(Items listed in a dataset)

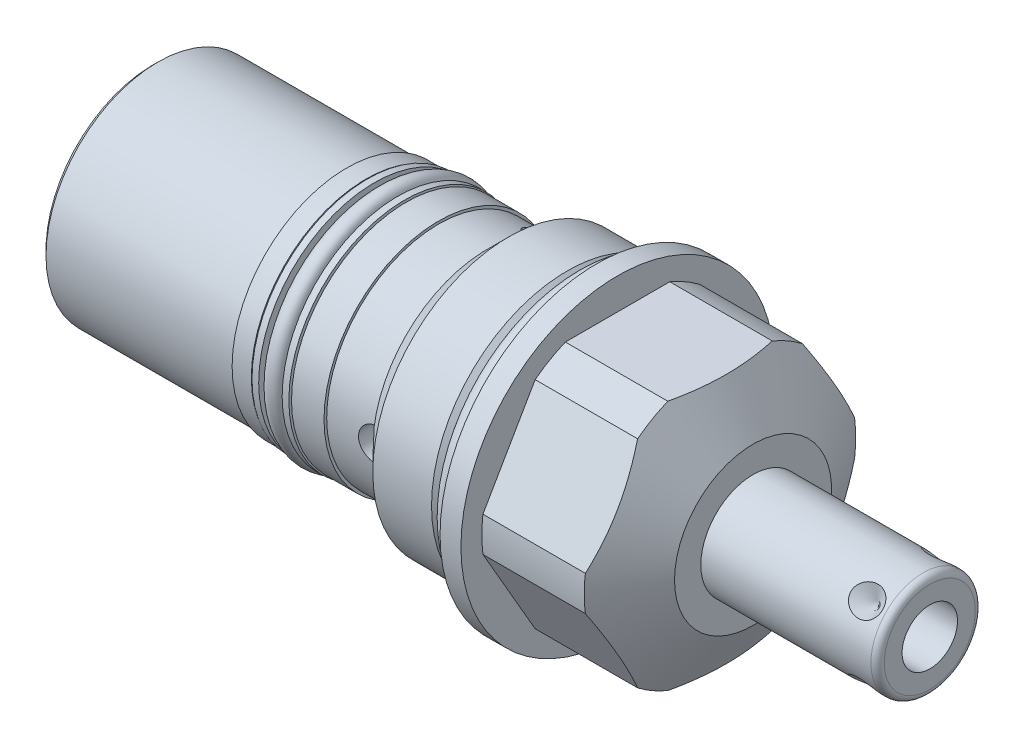
SolidWorks part; units mm, degrees
material "Alloy Steel"
ref_plane "Front Plane" through (0, 0, 0) normal (0, 0, 1) x (1, 0, 0)
ref_plane "Top Plane" through (0, 0, 0) normal (0, 1, 0) x (1, 0, 0)
ref_plane "Right Plane" through (0, 0, 0) normal (1, 0, 0) x (0, 0, -1)
ref_plane "Plane1" through (0, 0, 0) normal (1, 0, 0) x (0, 0, -1)
sketch "Sketch1" plane through (0, 0, 0) normal (1, 0, 0) x (0, 0, -1)
  circle A0 centre (0, 0) radius 23.8125
  dimension "D1" = 47.625
extrude "Extrude1" add sketch "Sketch1" along normal blind 23.7744 and the other way blind 67.4624
ref_plane "Plane2" through (0, 0, 0) normal (1, 0, 0) x (0, 0, -1)
sketch "Sketch2" plane through (0, 0, 0) normal (1, 0, 0) x (0, 0, -1)
  circle A0 centre (0, 0) radius 20.6375
  circle A1 centre (0, 0) radius 23.8125 construction
  circle A2 centre (0, 0) radius 23.8125
  dimension "D1" = 41.275
extrude "Cut-Extrude1" cut sketch "Sketch2" against normal up to next
ref_plane "Plane3" through (0, 0, 0) normal (0, 0, 1) x (1, 0, 0)
sketch "Sketch3" plane through (0, 0, 0) normal (0, 0, 1) x (1, 0, 0)
  line L0 (16.9187, 23.8125) -> (23.7744, 11.938)
  line L1 (-8.1458, 0) -> (17.0188, 0) construction
  line L2 (23.7744, 11.938) -> (23.7744, 23.8125)
  line L3 (23.7744, 23.8125) -> (16.9187, 23.8125)
  line L4 (23.7744, 23.8125) -> (0, 23.8125) construction
  dimension "D1" = 23.876
  dimension "D2" = 30
revolve "Cut-Revolve1" cut sketch "Sketch3" angle 360 about L1
ref_plane "Plane5" through (3.175, 0, 0) normal (-1, 0, 0) x (0, 0, 1)
sketch "Sketch5" plane through (3.175, 0, 0) normal (-1, 0, 0) x (0, 0, 1)
  line L0 (-10.9985, 19.05) -> (10.9985, 19.05)
  line L1 (10.9985, 19.05) -> (21.997, 0)
  line L2 (21.997, 0) -> (10.9985, -19.05)
  line L3 (10.9985, -19.05) -> (-10.9985, -19.05)
  line L4 (-10.9985, -19.05) -> (-21.997, 0)
  line L5 (-21.997, 0) -> (-10.9985, 19.05)
  line L6 (0, 0) -> (18.7904, 0) construction
  line L7 (0, 0) -> (10.9985, 19.05) construction
  line L8 (0, 0) -> (-10.9985, 19.05) construction
  circle A0 centre (0, 0) radius 23.8125 construction
  circle A1 centre (0, 0) radius 23.8125
  dimension "D1" = 38.1
  dimension "D2" = 120
  dimension "D3" = 60
extrude "Cut-Extrude3" cut sketch "Sketch5" against normal up to next
ref_plane "Plane7" through (3.175, 0, 0) normal (-1, 0, 0) x (0, 0, 1)
sketch "Sketch7" plane through (3.175, 0, 0) normal (-1, 0, 0) x (0, 0, 1)
  circle A0 centre (0, 0) radius 20.6375
  circle A1 centre (0, 0) radius 23.8125 construction
  circle A2 centre (0, 0) radius 23.8125
  dimension "D1" = 41.275
extrude "Cut-Extrude5" cut sketch "Sketch7" against normal up to next
ref_plane "Plane9" through (0, 0, 0) normal (0, 0, 1) x (1, 0, 0)
sketch "Sketch9" plane through (0, 0, 0) normal (0, 0, 1) x (1, 0, 0)
  line L0 (0, 20.6375) -> (0, 19.1389)
  line L1 (0, 19.1389) -> (-2.9718, 19.1389)
  line L2 (-2.9718, 19.1389) -> (-4.4704, 20.6375)
  line L3 (-4.4206, 0) -> (0.2105, 0) construction
  line L4 (0, 20.6375) -> (-4.4704, 20.6375)
  line L5 (0, 20.6375) -> (-67.4624, 20.6375) construction
  line L6 (0, 23.8125) -> (0, -23.8125) construction
  dimension "D1" = 2.9718
  dimension "D2" = 45
  dimension "D3" = 38.2778
revolve "Cut-Revolve3" cut sketch "Sketch9" angle 360 about L3
ref_plane "Plane10" through (0, 0, 0) normal (0, 0, 1) x (1, 0, 0)
sketch "Sketch10" plane through (0, 0, 0) normal (0, 0, 1) x (1, 0, 0)
  line L0 (-13.3985, 20.6375) -> (-16.6116, 17.4244)
  line L1 (-16.6116, 17.4244) -> (-67.4624, 17.4244)
  line L2 (-55.947, 0) -> (-8.6516, 0) construction
  line L4 (-67.4624, 20.6375) -> (-67.4624, 17.4244)
  line L5 (-4.4704, 20.6375) -> (-4.4704, -20.6375) construction
  line L6 (-4.4704, 20.6375) -> (-67.4624, 20.6375) construction
  line L7 (-13.3985, 20.6375) -> (-67.4624, 20.6375)
  dimension "D1" = 34.8488
  dimension "D2" = 45
  dimension "D3" = 8.9281
revolve "Cut-Revolve4" cut sketch "Sketch10" angle 360 about L2
ref_plane "Plane12" through (0, 0, 0) normal (0, 0, 1) x (1, 0, 0)
sketch "Sketch12" plane through (0, 0, 0) normal (0, 0, 1) x (1, 0, 0)
  line L0 (-35.0774, 17.4244) -> (-35.0774, 15.3924)
  line L1 (-35.0774, 15.3924) -> (-28.9687, 15.3924)
  line L2 (-28.9687, 15.3924) -> (-28.9687, 17.4244)
  line L3 (-31.7506, 0) -> (-25.0311, 0) construction
  line L4 (-35.0774, 17.4244) -> (-28.9687, 17.4244)
  line L5 (-16.6116, 17.4244) -> (-67.4624, 17.4244) construction
  line L6 (-67.4624, 17.4244) -> (-67.4624, -17.4244) construction
  dimension "D1" = 6.1087
  dimension "D2" = 30.7848
  dimension "D3" = 32.385
revolve "Cut-Revolve6" cut sketch "Sketch12" angle 360 about L3
ref_plane "Plane14" through (0, 0, 0) normal (0, 0, 1) x (0, -1, 0)
sketch "Sketch14" plane through (0, 0, 0) normal (0, 0, 1) x (0, -1, 0)
  line L0 (17.4244, -67.4624) -> (17.018, -67.4624)
  line L1 (17.018, -67.4624) -> (17.018, -37.9984)
  line L2 (17.018, -37.9984) -> (17.4244, -37.9984)
  line L3 (17.4244, -37.9984) -> (17.4244, -67.4624)
  line L4 (17.4244, -16.6116) -> (17.018, -16.6116)
  line L5 (17.018, -16.6116) -> (17.018, -24.0284)
  line L6 (17.018, -24.0284) -> (17.4244, -24.0284)
  line L7 (17.4244, -24.0284) -> (17.4244, -16.6116)
  line L8 (0, -55.866) -> (0, -10.3518) construction
  line L9 (17.4244, -67.4624) -> (17.4244, -35.0774) construction
  line L10 (17.4244, -28.9687) -> (17.4244, -16.6116) construction
  line L11 (-17.4244, -67.4624) -> (17.4244, -67.4624) construction
  dimension "D1" = 13.97
  dimension "D2" = 34.036
  dimension "D3" = 29.464
  dimension "D4" = 7.4168
revolve "Cut-Revolve8" cut sketch "Sketch14" angle 360 about L8
ref_plane "Plane15" through (0, 0, 0) normal (0, 0, 1) x (0, -1, 0)
sketch "Sketch15" plane through (0, 0, 0) normal (0, 0, 1) x (0, -1, 0)
  line L0 (0, -3.0937) -> (0, 0.1473) construction
  line L1 (-23.8125, 0) -> (23.8125, 0) construction
  circle A0 centre (20.6375, -1.4986) radius 1.4986
  dimension "D1" = 2.9972
  dimension "D2" = 1.4986
  dimension "D3" = 41.275
revolve "Revolve1" add sketch "Sketch15" angle 360 about L0
ref_plane "Plane16" through (0, 0, 0) normal (0, 0, 1) x (0, -1, 0)
sketch "Sketch16" plane through (0, 0, 0) normal (0, 0, 1) x (0, -1, 0)
  line L0 (15.3924, -29.2227) -> (17.5768, -29.2227)
  line L1 (17.5768, -29.2227) -> (17.5768, -30.2387)
  line L2 (17.5768, -30.2387) -> (15.3924, -30.2387)
  line L3 (15.3924, -30.2387) -> (15.3924, -29.2227)
  line L4 (15.3924, -34.8234) -> (17.5768, -34.8234)
  line L5 (17.5768, -34.8234) -> (17.5768, -33.8074)
  line L6 (17.5768, -33.8074) -> (15.3924, -33.8074)
  line L7 (15.3924, -33.8074) -> (15.3924, -34.8234)
  line L8 (0, -31.4712) -> (0, -25.3105) construction
  line L9 (-17.4244, -28.9687) -> (17.4244, -28.9687) construction
  line L10 (17.4244, -35.0774) -> (-17.4244, -35.0774) construction
  line L11 (15.3924, -35.0774) -> (15.3924, -28.9687) construction
  dimension "D1" = 1.016
  dimension "D3" = 35.1536
  dimension "D4" = 0.254
  dimension "D5" = 0.254
revolve "Revolve2" add sketch "Sketch16" angle 360 about L8
ref_plane "Plane17" through (0, 0, 0) normal (0, 0, 1) x (0, -1, 0)
sketch "Sketch17" plane through (0, 0, 0) normal (0, 0, 1) x (0, -1, 0)
  line L0 (0, -31.7506) -> (0, -25.0311) construction
  line L1 (17.5768, -33.8074) -> (-17.5768, -33.8074) construction
  circle A0 centre (16.7005, -32.0231) radius 1.3081
  point P0 (9.8298, -25.3365)
  point P1 (9.8298, -31.4452)
  dimension "D1" = 2.6162
  dimension "D2" = 33.401
  dimension "D3" = 1.7843
revolve "Revolve3" add sketch "Sketch17" angle 360 about L0
ref_plane "Plane18" through (0, 0, 0) normal (0, 0, 1) x (0, -1, 0)
sketch "S2D0001" plane through (0, 0, 0) normal (0, 0, 1) x (0, -1, 0)
  line L0 (0, 23.7744) -> (-7.9375, 23.7744)
  line L1 (-7.9375, 23.7744) -> (-7.9375, 49.6316)
  line L2 (-6.9215, 50.6476) -> (0, 50.6476)
  line L3 (0, 50.6476) -> (0, 23.7744)
  line L4 (0, 7.2658) -> (0, 37.3443) construction
  line L5 (11.938, 23.7744) -> (-11.938, 23.7744) construction
  line L6 (-23.8125, 0) -> (23.8125, 0) construction
  arc A0 (-6.9215, 50.6476) -> (-7.9375, 49.6316) centre (-6.9215, 49.6316) ccw
  dimension "D2" = 1.016
  dimension "D1" = 15.875
  dimension "D3" = 50.6476
revolve "Revolve4" add sketch "S2D0001" angle 360 about L4
ref_plane "Plane19" through (36.322, -2.8067, 0) normal (0, 0, 1) x (0, -1, 0)
sketch "Sketch19" plane through (36.322, -2.8067, 0) normal (0, 0, 1) x (0, -1, 0)
  line L0 (1.4097, 14.3256) -> (1.4097, -0.9144)
  line L1 (1.4097, -0.9144) -> (-2.8067, -3.4479)
  line L2 (1.4097, 14.3256) -> (-2.8067, 14.3256)
  line L3 (-2.8067, 14.3256) -> (-2.8067, -3.4479)
  line L4 (-2.8067, -18.6227) -> (-2.8067, 0.5923) construction
  line L5 (4.1148, 14.3256) -> (-9.7282, 14.3256) construction
  dimension "D1" = 8.4328
  dimension "D2" = 15.24
  dimension "D3" = 59
revolve "Cut-Revolve9" cut sketch "Sketch19" angle 360 about L4
ref_plane "Plane20" through (32.3596, 0, -5.5562) normal (0, 1, 0) x (1, 0, 0)
ref_plane "Plane21" through (0, 0, 0) normal (0, 0.7071, -0.7071) x (-1, 0, 0)
sketch "S2D0002" plane through (32.3596, -3.9289, -3.9289) normal (0, 0.7071, -0.7071) x (1, 0, 0)
  line L0 (14.3256, 2.3813) -> (16.7386, 2.3813)
  line L1 (16.7386, 2.3813) -> (14.3256, -0.0317)
  line L2 (14.3256, 2.3813) -> (14.3256, -0.0317)
  line L3 (14.3256, -3.3652) -> (14.3256, 0.0794) construction
  line L4 (17.272, 2.3812) -> (-8.5852, 2.3812) construction
  line L5 (18.288, -12.4778) -> (18.288, 1.3653) construction
  dimension "D1" = 3.9624
  dimension "D2" = 45
  dimension "D3" = 4.826
revolve "Cut-Revolve10" cut sketch "S2D0002" angle 360 about L3
chamfer "Chamfer1" distance 0.762 angle 45 1 edges at (-67.4624, 0, 17.018)
sketch "Sketch23" plane through (0, 0, 0) normal (0, 0, 1) x (1, 0, 0)
  line L0 (-67.4624, 16.256) -> (-67.4624, -16.256) construction
  circle A0 centre (-16.6624, 0) radius 2.5273
  dimension "D1" = 5.0546
  dimension "D2" = 50.8
extrude "Cut-Extrude7" cut sketch "Sketch23" along normal through all
sketch "Sketch25" plane through (-67.4624, 0, 0) normal (-1, 0, 0) x (0, 0, 1)
  circle A0 centre (0, 0) radius 3.1369
  dimension "D1" = 6.2738
extrude "Cut-Extrude8" cut sketch "Sketch25" against normal blind 0.762
sketch "Sketch26" plane through (-67.4624, 0, 0) normal (-1, 0, 0) x (0, 0, 1)
  circle A0 centre (0, 0) radius 13.0302
extrude "Extrude2" add sketch "Sketch26" along normal blind 0.508
sketch "Sketch28" plane through (-67.9704, 0, 0) normal (-1, 0, 0) x (0, 0, 1)
  circle A0 centre (0, 0) radius 3.1369
extrude "Cut-Extrude9" cut sketch "Sketch28" against normal blind 0.508
pattern_circular "CirPattern2" count 3 over 360 about axis through (7.2658, 0, 0) along (-1, 0, 0) of "Cut-Extrude7"
pattern_circular "CirPattern3" count 4 over 360 about axis through (7.2658, 0, 0) along (-1, 0, 0) of "Cut-Revolve10"

The problem: Without any picture, return exactly the lines of the records above from the first through the line that contains "circle A0 centre (0, 0) radius 23.8125 construction".

Answer space:
SolidWorks part; units mm, degrees
material "Alloy Steel"
ref_plane "Front Plane" through (0, 0, 0) normal (0, 0, 1) x (1, 0, 0)
ref_plane "Top Plane" through (0, 0, 0) normal (0, 1, 0) x (1, 0, 0)
ref_plane "Right Plane" through (0, 0, 0) normal (1, 0, 0) x (0, 0, -1)
ref_plane "Plane1" through (0, 0, 0) normal (1, 0, 0) x (0, 0, -1)
sketch "Sketch1" plane through (0, 0, 0) normal (1, 0, 0) x (0, 0, -1)
  circle A0 centre (0, 0) radius 23.8125
  dimension "D1" = 47.625
extrude "Extrude1" add sketch "Sketch1" along normal blind 23.7744 and the other way blind 67.4624
ref_plane "Plane2" through (0, 0, 0) normal (1, 0, 0) x (0, 0, -1)
sketch "Sketch2" plane through (0, 0, 0) normal (1, 0, 0) x (0, 0, -1)
  circle A0 centre (0, 0) radius 20.6375
  circle A1 centre (0, 0) radius 23.8125 construction
  circle A2 centre (0, 0) radius 23.8125
  dimension "D1" = 41.275
extrude "Cut-Extrude1" cut sketch "Sketch2" against normal up to next
ref_plane "Plane3" through (0, 0, 0) normal (0, 0, 1) x (1, 0, 0)
sketch "Sketch3" plane through (0, 0, 0) normal (0, 0, 1) x (1, 0, 0)
  line L0 (16.9187, 23.8125) -> (23.7744, 11.938)
  line L1 (-8.1458, 0) -> (17.0188, 0) construction
  line L2 (23.7744, 11.938) -> (23.7744, 23.8125)
  line L3 (23.7744, 23.8125) -> (16.9187, 23.8125)
  line L4 (23.7744, 23.8125) -> (0, 23.8125) construction
  dimension "D1" = 23.876
  dimension "D2" = 30
revolve "Cut-Revolve1" cut sketch "Sketch3" angle 360 about L1
ref_plane "Plane5" through (3.175, 0, 0) normal (-1, 0, 0) x (0, 0, 1)
sketch "Sketch5" plane through (3.175, 0, 0) normal (-1, 0, 0) x (0, 0, 1)
  line L0 (-10.9985, 19.05) -> (10.9985, 19.05)
  line L1 (10.9985, 19.05) -> (21.997, 0)
  line L2 (21.997, 0) -> (10.9985, -19.05)
  line L3 (10.9985, -19.05) -> (-10.9985, -19.05)
  line L4 (-10.9985, -19.05) -> (-21.997, 0)
  line L5 (-21.997, 0) -> (-10.9985, 19.05)
  line L6 (0, 0) -> (18.7904, 0) construction
  line L7 (0, 0) -> (10.9985, 19.05) construction
  line L8 (0, 0) -> (-10.9985, 19.05) construction
  circle A0 centre (0, 0) radius 23.8125 construction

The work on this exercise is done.